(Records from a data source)

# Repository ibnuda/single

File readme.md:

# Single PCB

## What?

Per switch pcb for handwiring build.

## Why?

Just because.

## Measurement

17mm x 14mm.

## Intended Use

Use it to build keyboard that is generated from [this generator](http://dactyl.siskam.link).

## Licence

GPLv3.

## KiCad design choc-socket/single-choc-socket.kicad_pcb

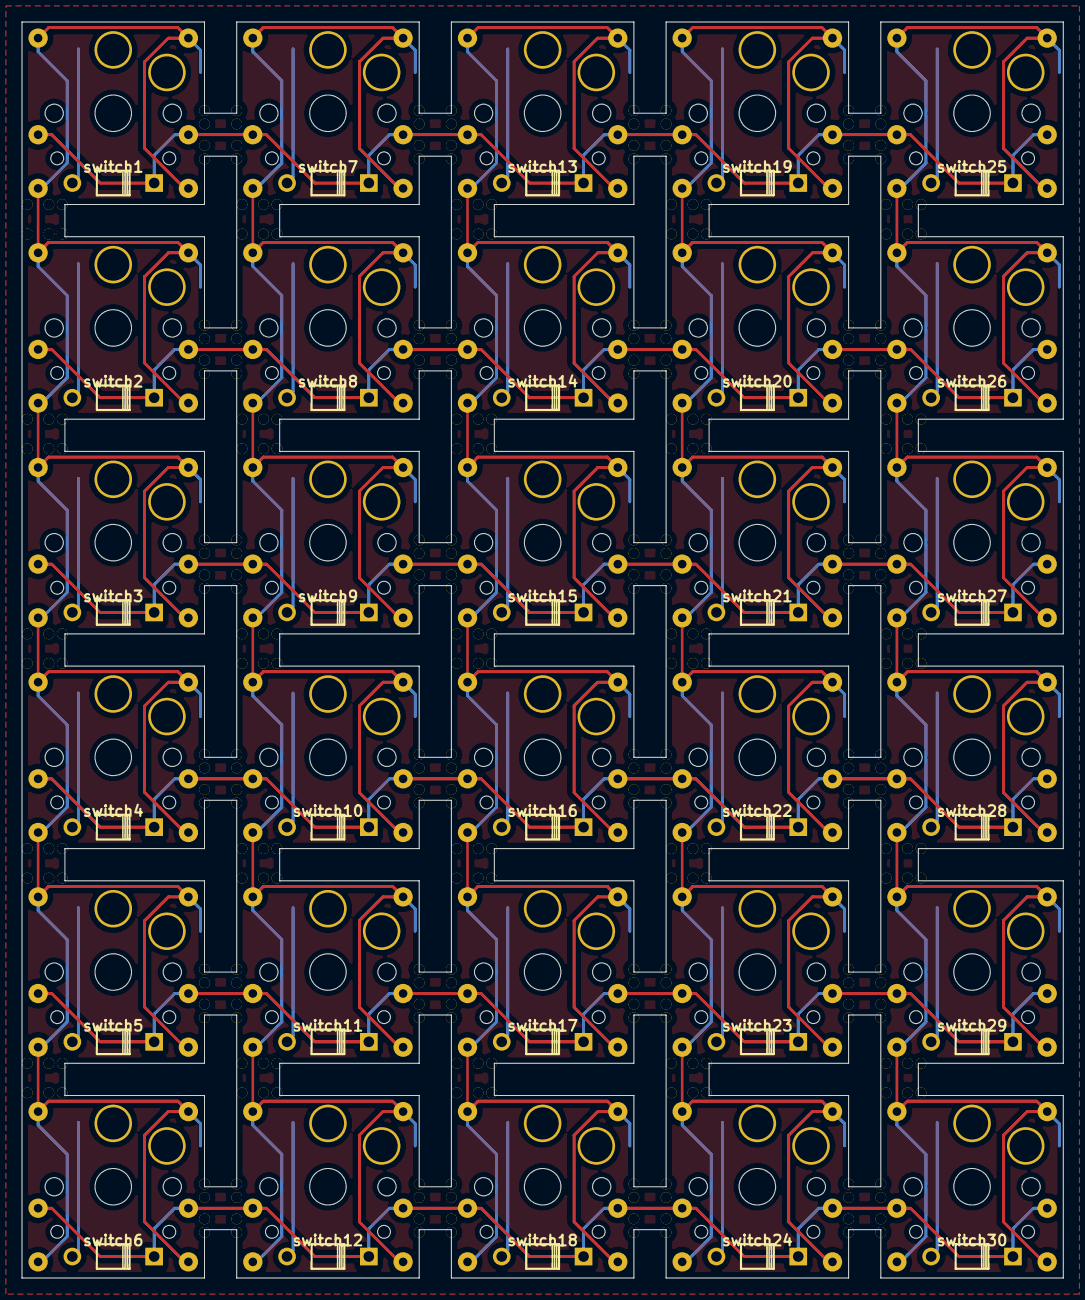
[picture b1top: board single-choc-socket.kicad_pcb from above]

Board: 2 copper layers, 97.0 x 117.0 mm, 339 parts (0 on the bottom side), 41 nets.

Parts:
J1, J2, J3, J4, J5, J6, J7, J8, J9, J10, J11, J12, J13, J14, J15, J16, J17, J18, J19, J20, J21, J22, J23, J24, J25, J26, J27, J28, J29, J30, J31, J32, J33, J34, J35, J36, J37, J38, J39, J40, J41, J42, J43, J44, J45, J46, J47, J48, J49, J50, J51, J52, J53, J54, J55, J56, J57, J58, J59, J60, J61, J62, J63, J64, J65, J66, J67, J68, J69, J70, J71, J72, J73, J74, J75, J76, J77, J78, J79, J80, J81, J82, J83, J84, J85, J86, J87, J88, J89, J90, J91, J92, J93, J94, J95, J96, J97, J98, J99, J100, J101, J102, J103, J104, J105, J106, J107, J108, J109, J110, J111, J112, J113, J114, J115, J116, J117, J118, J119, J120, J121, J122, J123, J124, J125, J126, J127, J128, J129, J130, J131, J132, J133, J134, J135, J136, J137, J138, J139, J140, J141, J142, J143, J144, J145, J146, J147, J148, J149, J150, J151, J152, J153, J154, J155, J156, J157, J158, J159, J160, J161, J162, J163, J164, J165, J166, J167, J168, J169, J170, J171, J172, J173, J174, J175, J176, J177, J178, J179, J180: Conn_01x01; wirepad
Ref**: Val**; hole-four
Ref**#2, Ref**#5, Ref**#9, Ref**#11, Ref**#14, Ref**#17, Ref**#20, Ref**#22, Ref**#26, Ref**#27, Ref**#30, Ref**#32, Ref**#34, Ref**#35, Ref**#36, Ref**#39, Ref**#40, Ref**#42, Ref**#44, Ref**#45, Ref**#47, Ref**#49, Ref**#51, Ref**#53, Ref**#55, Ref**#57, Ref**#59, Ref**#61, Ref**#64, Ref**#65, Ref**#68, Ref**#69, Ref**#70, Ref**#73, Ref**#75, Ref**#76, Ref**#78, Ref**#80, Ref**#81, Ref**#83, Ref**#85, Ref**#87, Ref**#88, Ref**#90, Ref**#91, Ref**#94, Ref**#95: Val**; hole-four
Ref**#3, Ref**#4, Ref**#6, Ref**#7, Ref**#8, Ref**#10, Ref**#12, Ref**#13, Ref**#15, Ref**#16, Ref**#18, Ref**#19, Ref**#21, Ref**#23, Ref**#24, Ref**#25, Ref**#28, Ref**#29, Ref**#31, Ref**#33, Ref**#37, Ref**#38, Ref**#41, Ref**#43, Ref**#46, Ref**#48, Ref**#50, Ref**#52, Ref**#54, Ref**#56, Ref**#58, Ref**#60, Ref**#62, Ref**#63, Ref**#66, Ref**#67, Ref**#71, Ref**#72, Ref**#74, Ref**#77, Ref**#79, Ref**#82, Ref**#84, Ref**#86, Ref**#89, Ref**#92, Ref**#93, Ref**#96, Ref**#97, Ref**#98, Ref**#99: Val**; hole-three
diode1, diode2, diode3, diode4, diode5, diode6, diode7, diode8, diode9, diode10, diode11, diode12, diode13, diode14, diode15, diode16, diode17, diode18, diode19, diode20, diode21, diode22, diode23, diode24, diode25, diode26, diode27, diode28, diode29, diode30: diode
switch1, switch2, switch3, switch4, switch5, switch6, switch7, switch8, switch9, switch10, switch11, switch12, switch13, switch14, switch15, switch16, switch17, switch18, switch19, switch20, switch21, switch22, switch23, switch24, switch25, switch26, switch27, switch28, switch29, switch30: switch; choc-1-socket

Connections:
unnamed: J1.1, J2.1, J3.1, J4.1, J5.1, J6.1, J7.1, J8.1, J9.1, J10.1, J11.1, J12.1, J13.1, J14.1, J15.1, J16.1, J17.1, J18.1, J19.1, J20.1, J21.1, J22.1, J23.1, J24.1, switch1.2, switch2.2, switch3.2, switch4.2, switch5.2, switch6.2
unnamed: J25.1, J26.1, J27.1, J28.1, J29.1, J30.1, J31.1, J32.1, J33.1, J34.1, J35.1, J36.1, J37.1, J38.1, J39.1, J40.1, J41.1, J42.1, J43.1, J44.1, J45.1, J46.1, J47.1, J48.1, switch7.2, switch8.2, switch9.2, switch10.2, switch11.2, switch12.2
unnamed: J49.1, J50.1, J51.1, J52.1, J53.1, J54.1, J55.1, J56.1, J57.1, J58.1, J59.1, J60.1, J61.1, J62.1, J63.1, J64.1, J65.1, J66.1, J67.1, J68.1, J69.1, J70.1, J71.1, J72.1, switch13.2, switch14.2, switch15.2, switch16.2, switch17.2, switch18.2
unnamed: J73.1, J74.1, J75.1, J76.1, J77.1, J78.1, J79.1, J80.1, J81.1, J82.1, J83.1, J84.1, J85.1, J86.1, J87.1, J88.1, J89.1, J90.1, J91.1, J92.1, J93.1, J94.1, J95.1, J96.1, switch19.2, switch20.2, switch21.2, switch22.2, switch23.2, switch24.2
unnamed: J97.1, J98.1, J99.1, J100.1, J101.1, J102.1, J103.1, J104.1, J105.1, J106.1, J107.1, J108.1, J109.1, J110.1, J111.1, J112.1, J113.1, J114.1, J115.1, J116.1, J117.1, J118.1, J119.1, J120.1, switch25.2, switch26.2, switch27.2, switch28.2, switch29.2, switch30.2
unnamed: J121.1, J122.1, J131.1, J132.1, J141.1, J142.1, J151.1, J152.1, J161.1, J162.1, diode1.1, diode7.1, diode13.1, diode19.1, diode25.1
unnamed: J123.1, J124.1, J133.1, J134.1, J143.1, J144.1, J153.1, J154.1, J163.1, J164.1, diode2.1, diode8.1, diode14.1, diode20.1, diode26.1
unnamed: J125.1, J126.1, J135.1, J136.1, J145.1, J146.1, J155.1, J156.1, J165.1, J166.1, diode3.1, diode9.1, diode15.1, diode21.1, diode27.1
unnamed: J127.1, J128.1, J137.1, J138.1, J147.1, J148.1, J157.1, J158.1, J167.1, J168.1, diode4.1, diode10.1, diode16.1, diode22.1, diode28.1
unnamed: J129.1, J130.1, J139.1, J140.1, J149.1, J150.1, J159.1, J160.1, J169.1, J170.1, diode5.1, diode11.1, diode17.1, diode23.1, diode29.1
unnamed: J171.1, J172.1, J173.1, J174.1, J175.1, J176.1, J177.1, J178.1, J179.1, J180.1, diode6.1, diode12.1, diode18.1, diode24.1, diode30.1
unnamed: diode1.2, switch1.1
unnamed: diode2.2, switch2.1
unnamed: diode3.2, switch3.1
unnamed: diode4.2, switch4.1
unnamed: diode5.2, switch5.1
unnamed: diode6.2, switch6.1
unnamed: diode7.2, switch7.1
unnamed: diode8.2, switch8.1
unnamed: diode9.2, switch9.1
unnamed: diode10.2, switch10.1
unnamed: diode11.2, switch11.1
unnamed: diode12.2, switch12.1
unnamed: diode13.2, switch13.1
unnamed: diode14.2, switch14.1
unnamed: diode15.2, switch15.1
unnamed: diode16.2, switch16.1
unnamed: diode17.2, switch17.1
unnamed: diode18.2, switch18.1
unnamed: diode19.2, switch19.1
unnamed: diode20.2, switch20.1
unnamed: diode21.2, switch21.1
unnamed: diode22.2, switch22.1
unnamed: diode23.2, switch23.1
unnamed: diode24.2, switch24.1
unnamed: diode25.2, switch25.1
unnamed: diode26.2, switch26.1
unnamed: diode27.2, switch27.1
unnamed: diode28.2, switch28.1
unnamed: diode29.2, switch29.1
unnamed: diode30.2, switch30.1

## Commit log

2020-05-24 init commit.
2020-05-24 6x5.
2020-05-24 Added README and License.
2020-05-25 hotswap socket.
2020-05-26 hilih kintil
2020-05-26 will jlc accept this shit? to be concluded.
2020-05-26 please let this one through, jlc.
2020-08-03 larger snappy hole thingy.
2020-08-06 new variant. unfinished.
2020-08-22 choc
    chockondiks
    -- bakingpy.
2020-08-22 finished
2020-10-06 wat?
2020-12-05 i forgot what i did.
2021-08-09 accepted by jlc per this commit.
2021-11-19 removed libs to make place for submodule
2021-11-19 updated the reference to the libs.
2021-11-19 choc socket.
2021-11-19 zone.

### [Task instructions]
Take each line above that holds the string "socket" and copy it.

### [Exercise result]
## KiCad design choc-socket/single-choc-socket.kicad_pcb
[picture b1top: board single-choc-socket.kicad_pcb from above]
switch1, switch2, switch3, switch4, switch5, switch6, switch7, switch8, switch9, switch10, switch11, switch12, switch13, switch14, switch15, switch16, switch17, switch18, switch19, switch20, switch21, switch22, switch23, switch24, switch25, switch26, switch27, switch28, switch29, switch30: switch; choc-1-socket
2020-05-25 hotswap socket.
2021-11-19 choc socket.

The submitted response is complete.